For myself, I believe all autoimmune disorders are just a point on a long continuum - which label you get depends on what the symptoms apparently add up to. Which accounts for why even within one "illness label" individual patients differ greatly. And this is starting to be mainstream thought too.

PMRpro profile image

I think 2.5mg every other week from 7.5mg may be VERY hard as you have been on pred long enough for your adrenal function to be lowered. But it may be fine - it is a fairly normal sort of reduction when people haven't been on pred long.

This isn't tapering by the way - that's where the 10% advice applies. This is reduction, getting to zero come what may.

Your rheumy is wrong - it is unusual but not impossible to have PMR in your 40s. But he is right in that he can't see what is going on while you are on pred - but what conclusion he comes to once you are off pred is another matter. People arrive here on the forum on a regular basis with the same problem - GP thinks PMR and treats. rheumy feels his nose is out of joint because he is the expert. If it really is PMR - the only medication that will help significantly is pred. And it did.

Do let us know what happens. And is a second opinion with a less blinkered rheumy an option? I don't know much about your system. But you would think that in Sweden he might have seen younger patients in the past - you have one of the higher rates of PMR!

The thing is that this reumy id retiring before I get back for the next visit so then I will meet another reumy anyhow. The plan is to go back for bloods every 4th week (next) and then meet a reumy in June when I am off Pred. I think I will have to contact them earlier though if reducing this fast is too hard or the pain comes back. I think either of it or both certainly will happen.

You are not a box to be ticked. Your PMR will take as long as it takes. Big drops in dose will make flare more likely, then you may find yourself back at the beginning. I hope the new Rheumatologist proves to be wonderful.

Thank you for all your informative replies! I asked my GP what to do after my visit with the reumy and didn’t dare to say something else. He said:-He may be right. And considering the super fast tapering, he said I might be fine.... probably not.... He also said that the reumy is the expert on these things.

I feel like being in some sort of experiment.

PMRpro profile image
PMRproAmbassador in reply to Pirnilla

"He also said that the reumy is the expert on these things."

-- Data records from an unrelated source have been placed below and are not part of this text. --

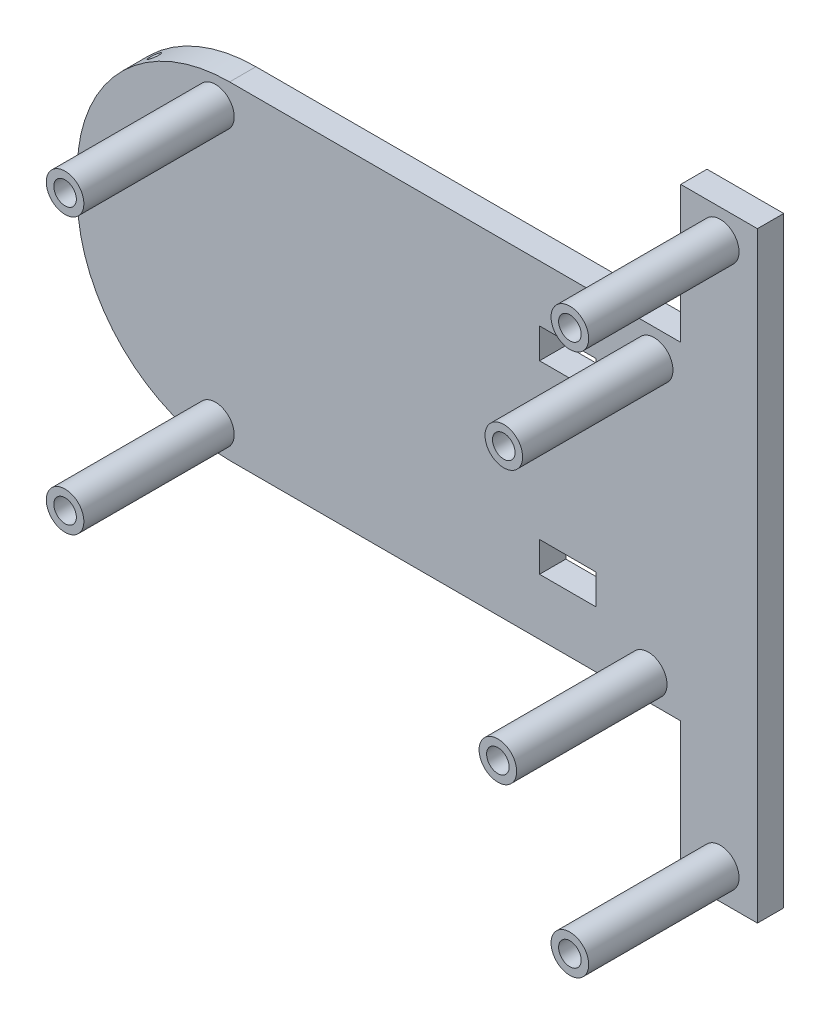
SolidWorks part; units mm, degrees
ref_plane "Plan de face" through (0, 0, 0) normal (0, 0, 1) x (1, 0, 0)
ref_plane "Plan de dessus" through (0, 0, 0) normal (0, 1, 0) x (1, 0, 0)
ref_plane "Plan de droite" through (0, 0, 0) normal (1, 0, 0) x (0, 0, -1)
sketch "Esquisse1" plane through (0, 0, 0) normal (0, 0, 1) x (1, 0, 0)
  line L7 (-20.4048, 60.8522) -> (-20.4048, 43.608)
  line L11 (-42.9128, 28.608) -> (-42.9128, 20.5821)
  line L12 (-42.9128, 20.5821) -> (-57.9614, 20.5821)
  line L13 (-57.9614, 20.5821) -> (-57.9614, 28.608)
  line L15 (-57.9614, 28.608) -> (-42.9128, 28.608)
  line L16 (-20.4048, 43.608) -> (-140.4048, 43.608)
  line L25 (-20.4048, 60.8522) -> (-20.4048, 80)
  line L27 (0, 80) -> (-20.4048, 80)
  line L33 (0, -80) -> (0, 80)
  line L34 (-57.9614, -20.5821) -> (-57.9614, -28.608)
  line L35 (-42.9128, -20.5821) -> (-57.9614, -20.5821)
  line L36 (-42.9128, -28.608) -> (-42.9128, -20.5821)
  line L37 (-57.9614, -28.608) -> (-42.9128, -28.608)
  line L38 (-20.4048, -43.608) -> (-140.4048, -43.608)
  line L39 (-20.4048, -60.8522) -> (-20.4048, -43.608)
  line L40 (-20.4048, -60.8522) -> (-20.4048, -80)
  line L41 (0, -80) -> (-20.4048, -80)
  arc A0 (-140.4048, 43.608) -> (-180.7891, 0) centre (-140.4048, 3.1046) ccw
  arc A1 (-140.4048, -43.608) -> (-180.7891, 0) centre (-140.4048, -3.1046) cw
  dimension "D2" = 120
extrude "Boss.-Extru.2" add sketch "Esquisse1" along normal blind 7
ref_plane "Plan1" through (-170.1225, 30.6253, 0) normal (-0.7337, 0.6795, 0) x (0, 0, 1)
sketch "Esquisse2" plane through (-170.1225, 30.6253, 0) normal (-0.7337, 0.6795, 0) x (0, 0, 1)
  line L0 (7, -29.7176) -> (0, -29.7176) construction
  circle A1 centre (3.5667, 8.2824) radius 1.5
  circle A2 centre (3.5667, -21.7176) radius 1.5
  circle A3 centre (3.5667, -11.7176) radius 1.5
  point P5 (3.5667, -14.0974)
  dimension "D1" = 8
  dimension "D3" = 10
  dimension "D2" = 30
extrude "Enlèv. mat.-Extru.1" cut sketch "Esquisse2" against normal blind 22
ref_plane "Plan2" through (-170.1225, -30.6253, 7) normal (-0.7337, -0.6795, 0) x (0, 0, 1)
sketch "Esquisse7" plane through (-170.1225, -30.6253, 7) normal (-0.7337, -0.6795, 0) x (0, 0, 1)
  line L0 (0, 29.7176) -> (-7, 29.7176) construction
  circle A0 centre (-3.4819, 21.7176) radius 1.5
  circle A1 centre (-3.4819, -8.2824) radius 1.5
  circle A2 centre (-3.4819, 11.7176) radius 1.5
  point P8 (0, 0)
  dimension "D1" = 8
  dimension "D2" = 30
  dimension "D3" = 10
extrude "Enlèv. mat.-Extru.2" cut sketch "Esquisse7" against normal blind 22
sketch "Esquisse8" plane through (0, 0, 7) normal (0, 0, 1) x (1, 0, 0)
  circle A0 centre (-9.8906, 72.2136) radius 3
  circle A1 centre (-9.8906, 72.2136) radius 5
  circle A2 centre (-9.8906, -71.9919) radius 3
  circle A3 centre (-9.8906, -71.9919) radius 5
  circle A4 centre (-27.4656, 36.1622) radius 3
  circle A5 centre (-27.4656, 36.1622) radius 5
  circle A6 centre (-29.0429, -37.0671) radius 3
  circle A7 centre (-29.0429, -37.0671) radius 5
  circle A12 centre (-144.182, 36.1622) radius 3
  circle A13 centre (-144.182, 36.1622) radius 5
  circle A14 centre (-144.182, -37.0671) radius 3
  circle A15 centre (-144.182, -37.0671) radius 5
extrude "Boss.-Extru.3" add sketch "Esquisse8" along normal blind 40

He thinks does he? I've heard enough stories in 9 years to make me feel that can be a questionable attitude with PMR. But there we are.

The person who is most expert on your body is YOU - and the doctors need to bear that in mind.

Pirnilla profile image
Pirnilla in reply to PMRpro

I often feel that the ones with most information about PMR is the patients, not the so called educated experts. We are curious people who want and need to know everything about our condition.

I doubt that my expert, my reumy is right this time, I think I have PMR and that it will show when I get lower in dosage. Right now I am just fine, being able to live a perfectly normal lite mostly. Without carbs, sugar, too much salt and too much red meat though.